Entries taken from a collection:
'''

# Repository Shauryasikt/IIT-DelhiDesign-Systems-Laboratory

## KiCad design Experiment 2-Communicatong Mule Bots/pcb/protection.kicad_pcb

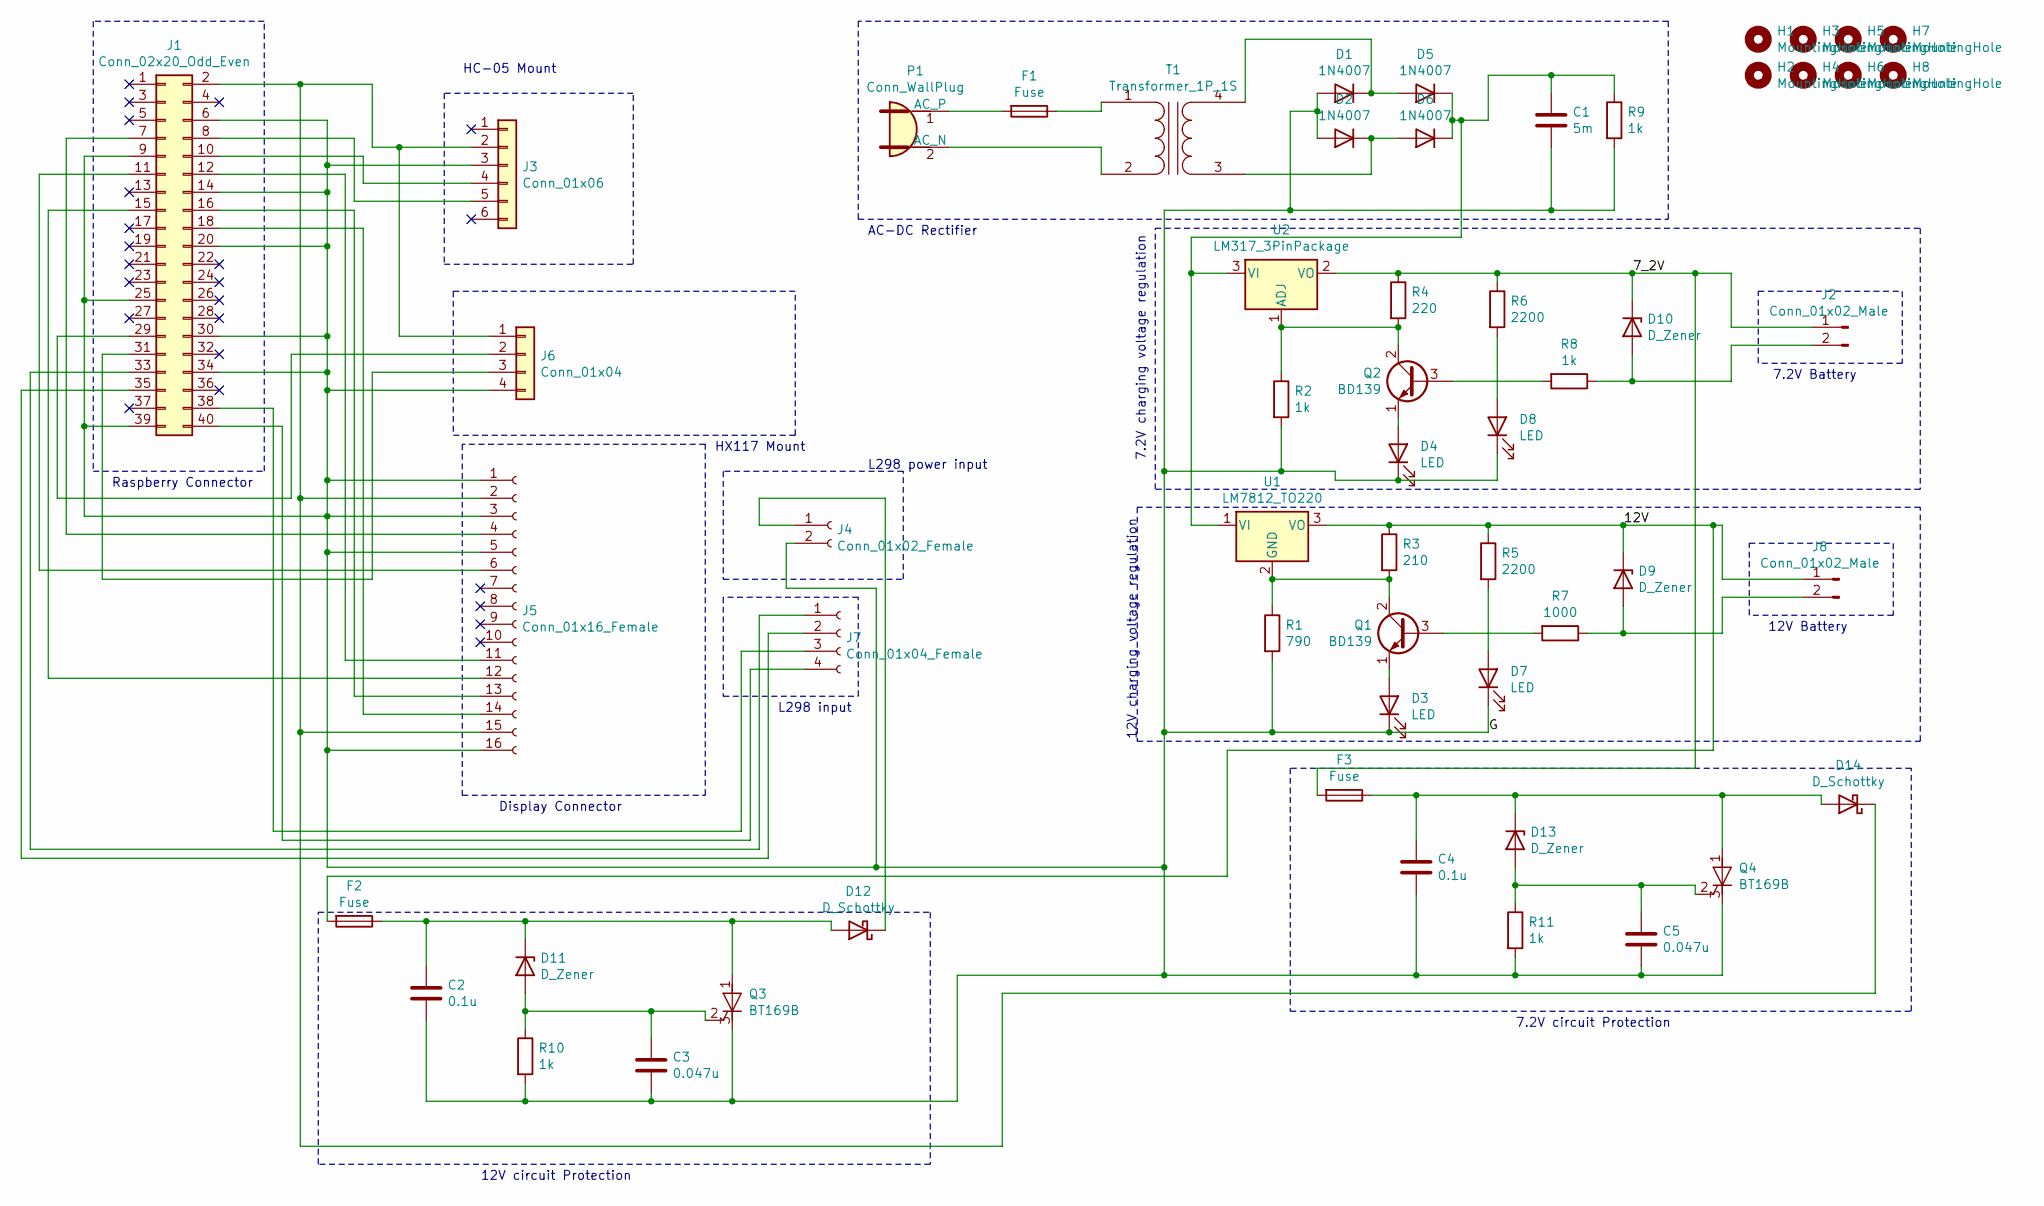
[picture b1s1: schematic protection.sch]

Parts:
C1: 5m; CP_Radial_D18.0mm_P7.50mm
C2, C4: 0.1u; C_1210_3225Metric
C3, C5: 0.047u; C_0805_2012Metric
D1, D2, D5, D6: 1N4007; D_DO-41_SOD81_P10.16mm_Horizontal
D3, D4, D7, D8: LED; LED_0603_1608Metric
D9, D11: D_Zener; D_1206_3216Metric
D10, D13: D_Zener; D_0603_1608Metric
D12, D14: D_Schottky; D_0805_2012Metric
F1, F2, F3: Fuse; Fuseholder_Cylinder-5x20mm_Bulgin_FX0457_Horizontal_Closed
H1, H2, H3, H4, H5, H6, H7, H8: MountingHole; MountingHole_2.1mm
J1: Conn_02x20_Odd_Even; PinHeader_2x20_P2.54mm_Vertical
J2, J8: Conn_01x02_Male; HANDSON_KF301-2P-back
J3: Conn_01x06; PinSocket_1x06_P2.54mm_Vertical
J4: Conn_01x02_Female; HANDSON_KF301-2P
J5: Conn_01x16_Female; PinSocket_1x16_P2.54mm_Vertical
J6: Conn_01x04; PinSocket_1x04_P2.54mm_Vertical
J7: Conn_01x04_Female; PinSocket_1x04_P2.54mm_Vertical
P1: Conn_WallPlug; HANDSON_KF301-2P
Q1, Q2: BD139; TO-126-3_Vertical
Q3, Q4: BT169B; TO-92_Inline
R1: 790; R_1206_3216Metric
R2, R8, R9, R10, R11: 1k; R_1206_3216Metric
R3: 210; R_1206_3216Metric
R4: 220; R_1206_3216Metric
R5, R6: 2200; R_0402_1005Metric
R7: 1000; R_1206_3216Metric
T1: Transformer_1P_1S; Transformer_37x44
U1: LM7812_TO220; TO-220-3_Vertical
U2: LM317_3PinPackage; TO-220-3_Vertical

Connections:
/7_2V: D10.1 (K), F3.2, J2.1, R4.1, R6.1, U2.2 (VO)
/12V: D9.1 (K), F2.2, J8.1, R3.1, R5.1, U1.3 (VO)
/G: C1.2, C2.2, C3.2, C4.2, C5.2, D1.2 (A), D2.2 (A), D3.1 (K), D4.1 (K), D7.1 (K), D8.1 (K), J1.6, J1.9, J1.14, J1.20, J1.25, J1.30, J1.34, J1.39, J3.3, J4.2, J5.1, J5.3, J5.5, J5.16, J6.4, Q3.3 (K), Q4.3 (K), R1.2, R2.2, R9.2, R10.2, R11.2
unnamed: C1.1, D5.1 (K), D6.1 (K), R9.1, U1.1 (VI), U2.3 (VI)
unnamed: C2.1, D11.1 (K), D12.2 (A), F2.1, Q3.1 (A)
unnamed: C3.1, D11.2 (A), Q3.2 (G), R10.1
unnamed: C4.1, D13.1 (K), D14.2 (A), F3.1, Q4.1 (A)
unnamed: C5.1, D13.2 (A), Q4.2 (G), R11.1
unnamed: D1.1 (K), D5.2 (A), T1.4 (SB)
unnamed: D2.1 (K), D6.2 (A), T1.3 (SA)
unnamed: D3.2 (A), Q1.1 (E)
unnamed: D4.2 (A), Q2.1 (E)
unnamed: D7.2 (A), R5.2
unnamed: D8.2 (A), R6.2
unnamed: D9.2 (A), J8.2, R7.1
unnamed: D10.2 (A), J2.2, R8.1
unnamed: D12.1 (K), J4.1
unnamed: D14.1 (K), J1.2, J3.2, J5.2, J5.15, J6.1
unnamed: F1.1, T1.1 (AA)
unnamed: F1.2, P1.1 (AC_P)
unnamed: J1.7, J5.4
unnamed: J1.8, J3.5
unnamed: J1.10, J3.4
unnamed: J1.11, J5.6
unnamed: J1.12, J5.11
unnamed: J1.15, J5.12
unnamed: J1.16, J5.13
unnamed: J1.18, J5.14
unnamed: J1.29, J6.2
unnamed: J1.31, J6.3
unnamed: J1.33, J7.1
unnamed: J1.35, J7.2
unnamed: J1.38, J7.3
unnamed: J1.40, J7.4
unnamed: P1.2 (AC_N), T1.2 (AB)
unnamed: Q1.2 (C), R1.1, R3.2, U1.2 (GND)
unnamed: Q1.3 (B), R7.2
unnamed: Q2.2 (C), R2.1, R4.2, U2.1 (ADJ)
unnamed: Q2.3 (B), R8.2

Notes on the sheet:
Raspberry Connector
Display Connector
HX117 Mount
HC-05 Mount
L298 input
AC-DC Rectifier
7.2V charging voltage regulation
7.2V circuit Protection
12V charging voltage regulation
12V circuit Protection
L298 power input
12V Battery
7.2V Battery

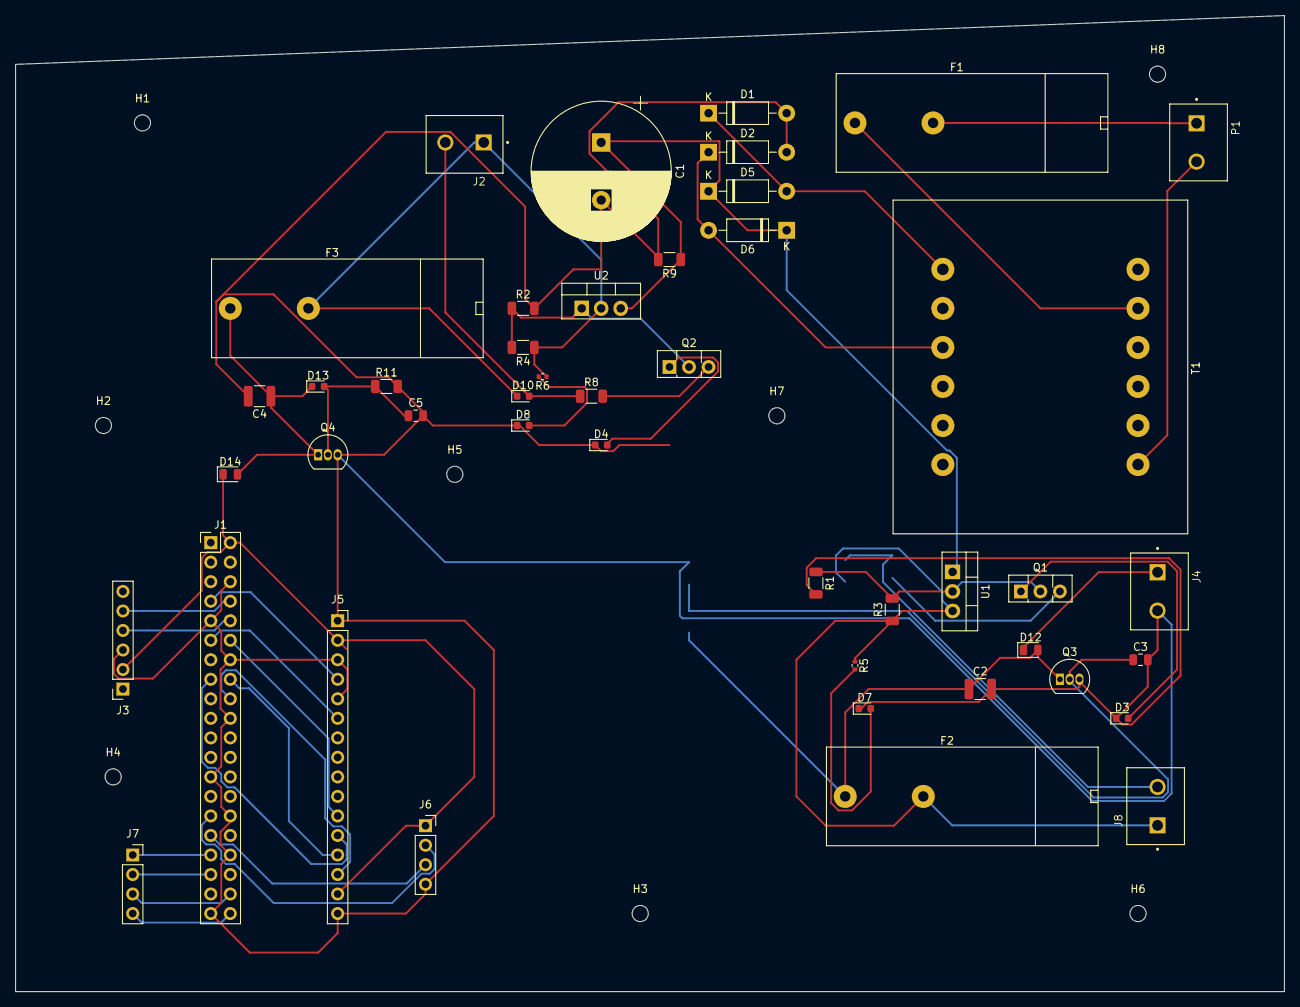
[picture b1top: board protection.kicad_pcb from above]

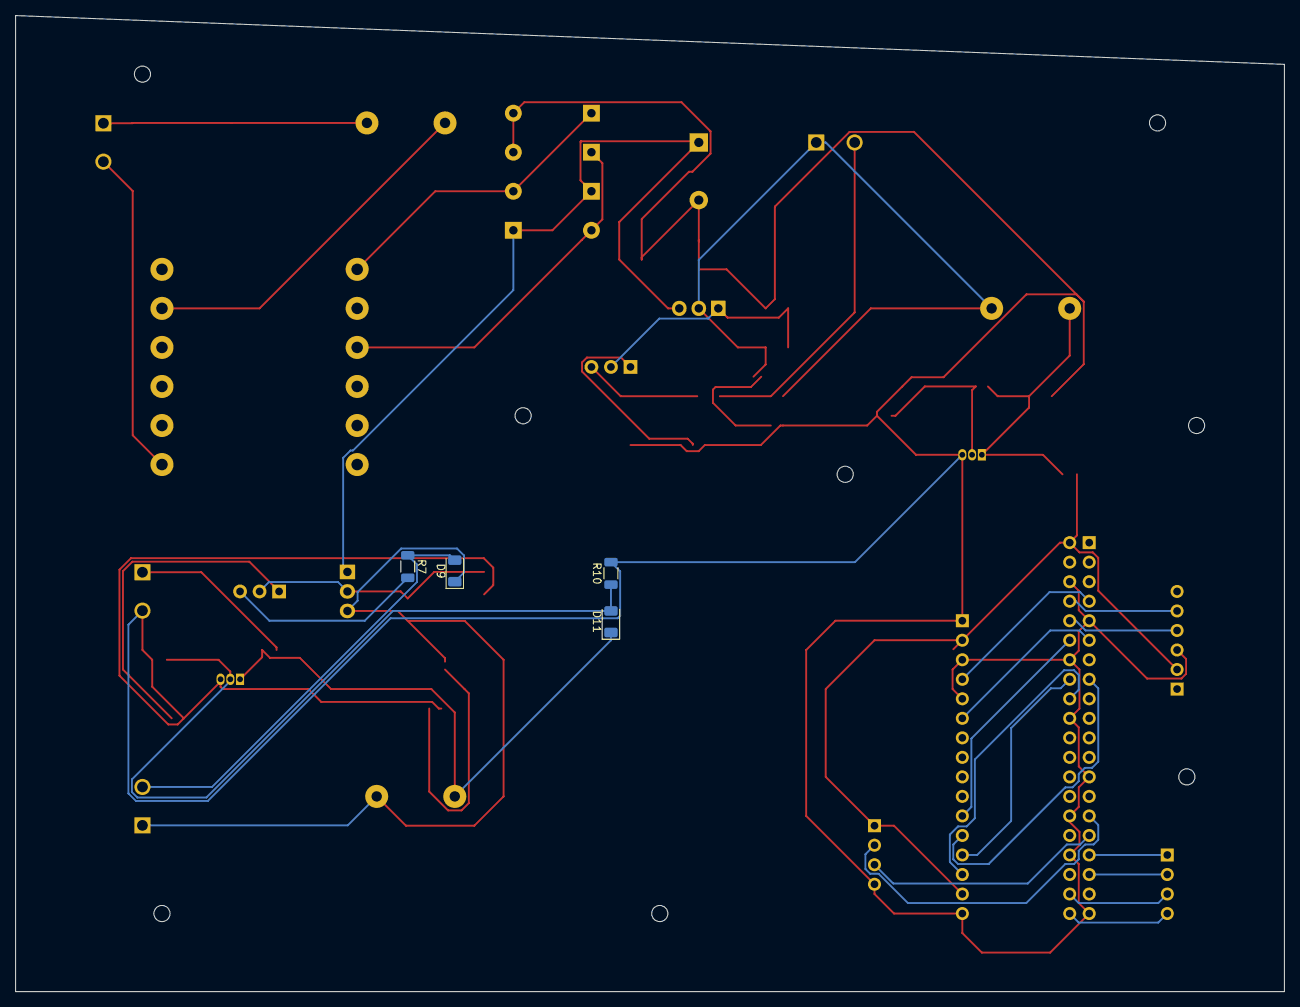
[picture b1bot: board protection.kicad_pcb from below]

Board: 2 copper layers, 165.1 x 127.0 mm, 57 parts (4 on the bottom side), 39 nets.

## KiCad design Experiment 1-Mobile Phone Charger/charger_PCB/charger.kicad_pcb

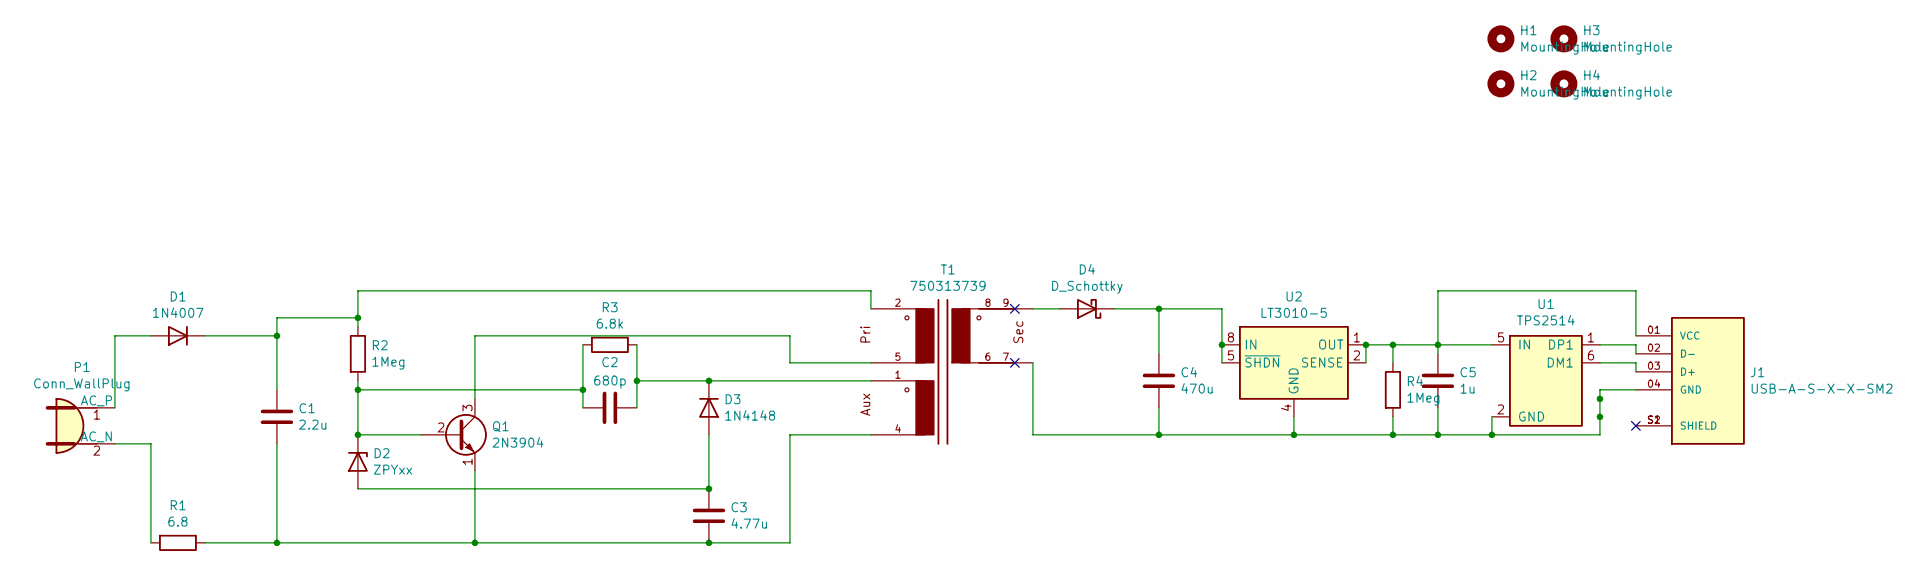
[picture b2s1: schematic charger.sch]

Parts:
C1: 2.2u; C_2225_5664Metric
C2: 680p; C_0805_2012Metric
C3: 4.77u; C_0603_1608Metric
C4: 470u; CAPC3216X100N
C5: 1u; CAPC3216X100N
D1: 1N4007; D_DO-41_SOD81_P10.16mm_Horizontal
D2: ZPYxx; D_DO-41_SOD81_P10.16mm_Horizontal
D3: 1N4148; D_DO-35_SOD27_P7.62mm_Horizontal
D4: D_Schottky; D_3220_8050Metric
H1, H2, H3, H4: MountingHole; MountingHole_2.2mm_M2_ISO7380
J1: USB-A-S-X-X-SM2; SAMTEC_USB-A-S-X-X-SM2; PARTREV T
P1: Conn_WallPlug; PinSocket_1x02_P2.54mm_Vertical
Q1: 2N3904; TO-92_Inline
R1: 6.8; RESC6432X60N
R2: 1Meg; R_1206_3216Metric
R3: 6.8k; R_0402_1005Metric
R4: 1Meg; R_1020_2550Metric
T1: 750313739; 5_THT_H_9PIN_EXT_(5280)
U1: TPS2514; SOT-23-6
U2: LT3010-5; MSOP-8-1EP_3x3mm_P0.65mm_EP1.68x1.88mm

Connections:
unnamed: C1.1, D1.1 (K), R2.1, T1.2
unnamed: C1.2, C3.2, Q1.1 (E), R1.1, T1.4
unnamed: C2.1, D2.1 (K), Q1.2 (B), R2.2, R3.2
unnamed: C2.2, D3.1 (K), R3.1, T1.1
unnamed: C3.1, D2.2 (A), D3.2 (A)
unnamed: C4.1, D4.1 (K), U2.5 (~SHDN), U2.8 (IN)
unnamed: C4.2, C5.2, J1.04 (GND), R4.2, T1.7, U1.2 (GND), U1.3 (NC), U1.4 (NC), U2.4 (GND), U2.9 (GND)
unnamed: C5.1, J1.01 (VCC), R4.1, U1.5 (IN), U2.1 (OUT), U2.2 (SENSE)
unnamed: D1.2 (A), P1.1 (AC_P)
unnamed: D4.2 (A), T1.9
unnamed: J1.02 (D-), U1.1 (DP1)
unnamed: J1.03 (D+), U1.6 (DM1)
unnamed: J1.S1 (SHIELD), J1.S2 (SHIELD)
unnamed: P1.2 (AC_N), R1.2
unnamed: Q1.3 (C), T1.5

'''

◆ **Task objective**
Starting at the first line of the records and stopping after the line with "F1, F2, F3: Fuse;", copy each line exactly; pictures stay out.

◆ **Solution for this problem**
# Repository Shauryasikt/IIT-DelhiDesign-Systems-Laboratory

## KiCad design Experiment 2-Communicatong Mule Bots/pcb/protection.kicad_pcb

[picture b1s1: schematic protection.sch]

Parts:
C1: 5m; CP_Radial_D18.0mm_P7.50mm
C2, C4: 0.1u; C_1210_3225Metric
C3, C5: 0.047u; C_0805_2012Metric
D1, D2, D5, D6: 1N4007; D_DO-41_SOD81_P10.16mm_Horizontal
D3, D4, D7, D8: LED; LED_0603_1608Metric
D9, D11: D_Zener; D_1206_3216Metric
D10, D13: D_Zener; D_0603_1608Metric
D12, D14: D_Schottky; D_0805_2012Metric
F1, F2, F3: Fuse; Fuseholder_Cylinder-5x20mm_Bulgin_FX0457_Horizontal_Closed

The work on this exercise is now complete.